Until that moment her face had been quietly impassive, but now, in an instant, it utterly changed. Her mouth turned into a harsh, malicious grin and her entire face was convulsed in a haughty sneer. The expression was similar to what Father O'Connor and I saw when confronting her the day after the failed deliverance, only now the superciliousness was magnified threefold. The expression could only be called satanic. There was no question whether we were dealing now with the real Jersey. Almost immediately I said, "There seems to be a demon in the room. What is your name?"
It answered in Jersey's own voice without hesitation: "Damien." Jersey had mentioned the names of many of her supposed demons before, but Damien was not among them. We let it talk for a minute. Its words made no sense. I was not about to be drawn back into this meaningless drivel halfway between sanity and insanity. I commented, "You seemed to appear right when we were talking about a Christian church support group for Jersey."
"I don't want her children to go to church and become sissies," it pronounced. "What they need to learn is karate and self-defense."
Now that the demon was speaking in its own language, it did not take us long to realize that it was, in fact, a demon of self-defense. Indeed, it shortly even explained its name to us, saying that the a should really be pronounced flatly because the name meant "Dam me in." By "dam" it didn't mean "damn," but a concrete barrier through which no enemy could approach.
After perhaps a quarter of an hour, Bishop Worthington and I arrived at the same conclusion as to the falsity of Damien's teaching, and alternating as a boxer might his left and right fists, we began to bombard it with the truth. We told it that human beings, including Jersey, could not survive behind concrete. They had to be fed and touched and held and loved, and all such things were made impossible by barricades. We granted that a kind of helplessness was inherent in the human condition living without barricades. "There are so many potential dangers," I said. "Humans don't begin to be smart enough to defend ourselves, no matter how much karate we might know. We survive not because of barricades or physical strength, but by the grace of God.

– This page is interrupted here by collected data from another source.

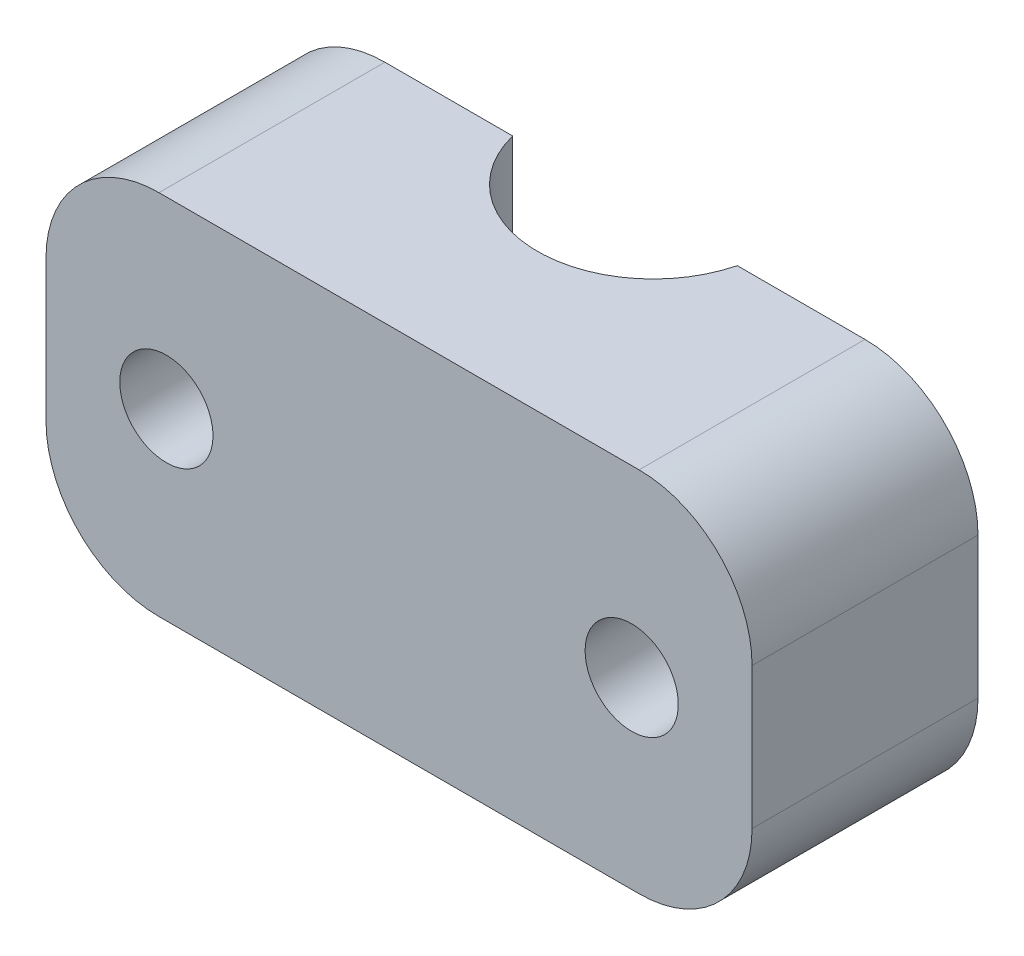
SolidWorks part; units mm, degrees
ref_plane "Front Plane" through (0, 0, 0) normal (0, 0, 1) x (1, 0, 0)
ref_plane "Top Plane" through (0, 0, 0) normal (0, 1, 0) x (1, 0, 0)
ref_plane "Right Plane" through (0, 0, 0) normal (1, 0, 0) x (0, 0, -1)
sketch "Sketch1" plane through (0, 0, 0) normal (0, 1, 0) x (1, 0, 0)
  line L1 (-12.5, -4) -> (12.5, -4)
  line L2 (-12.5, -4) -> (-12.5, 4)
  line L3 (-12.5, 4) -> (12.5, 4)
  line L4 (12.5, -4) -> (12.5, 4)
  line L5 (-12.5, -4) -> (12.5, 4) construction
  line L6 (-12.5, 4) -> (12.5, -4) construction
  point P0 (0, 0)
  dimension "D1" = 25
  dimension "D2" = 8
extrude "Boss-Extrude1" add sketch "Sketch1" along normal blind 13
sketch "Sketch2" plane through (0, 13, 0) normal (0, 1, 0) x (1, 0, 0)
  line L0 (12.5, 4) -> (-12.5, 4) construction
  line L1 (0, 5) -> (0, 0) construction
  circle A0 centre (0, 5) radius 4.1
  dimension "D1" = 8.2
  dimension "D2" = 1
extrude "Cut-Extrude1" cut sketch "Sketch2" against normal through all
sketch "Sketch3" plane through (0, 0, -4) normal (0, 0, -1) x (-1, 0, 0)
  line L0 (12.5, 0) -> (3.9762, 13) construction
  line L1 (-12.5, 0) -> (-3.9762, 13) construction
  circle A0 centre (8.2381, 6.5) radius 1.65
  circle A1 centre (-8.2381, 6.5) radius 1.65
  dimension "D1" = 3.3
extrude "Cut-Extrude2" cut sketch "Sketch3" against normal blind 10
fillet "Fillet2" radius 4 4 edges at (-12.5, 0, 0) (-12.5, 13, 0) (12.5, 13, 0) (12.5, 0, 0)

Without God, whether we believe in Him or not, we all would have been dead long since. But because we are surrounded by the grace of God, which is our only true armor, most of us get to live out our full life span. In fact," I continued, "the more we are aware of that grace, the more wise we become. Jersey will become very wise when she is rid of you, Damien, with your false preaching-when she no longer has to listen to your lies."
We wasted no time, beginning at seven o'clock sharp the next morning. Bishop Worthington lit the candle and offered his customary opening prayer, and I addressed Jersey with my customary, "Jersey, child of God, in the name of God who created you and Jesus Christ who died for you, I order you to hear my voice as the voice of Christ's church and, though I am but a humble and unworthy servant, to obey my commands."
Then I simply asked, "Jersey, are there any demons left?"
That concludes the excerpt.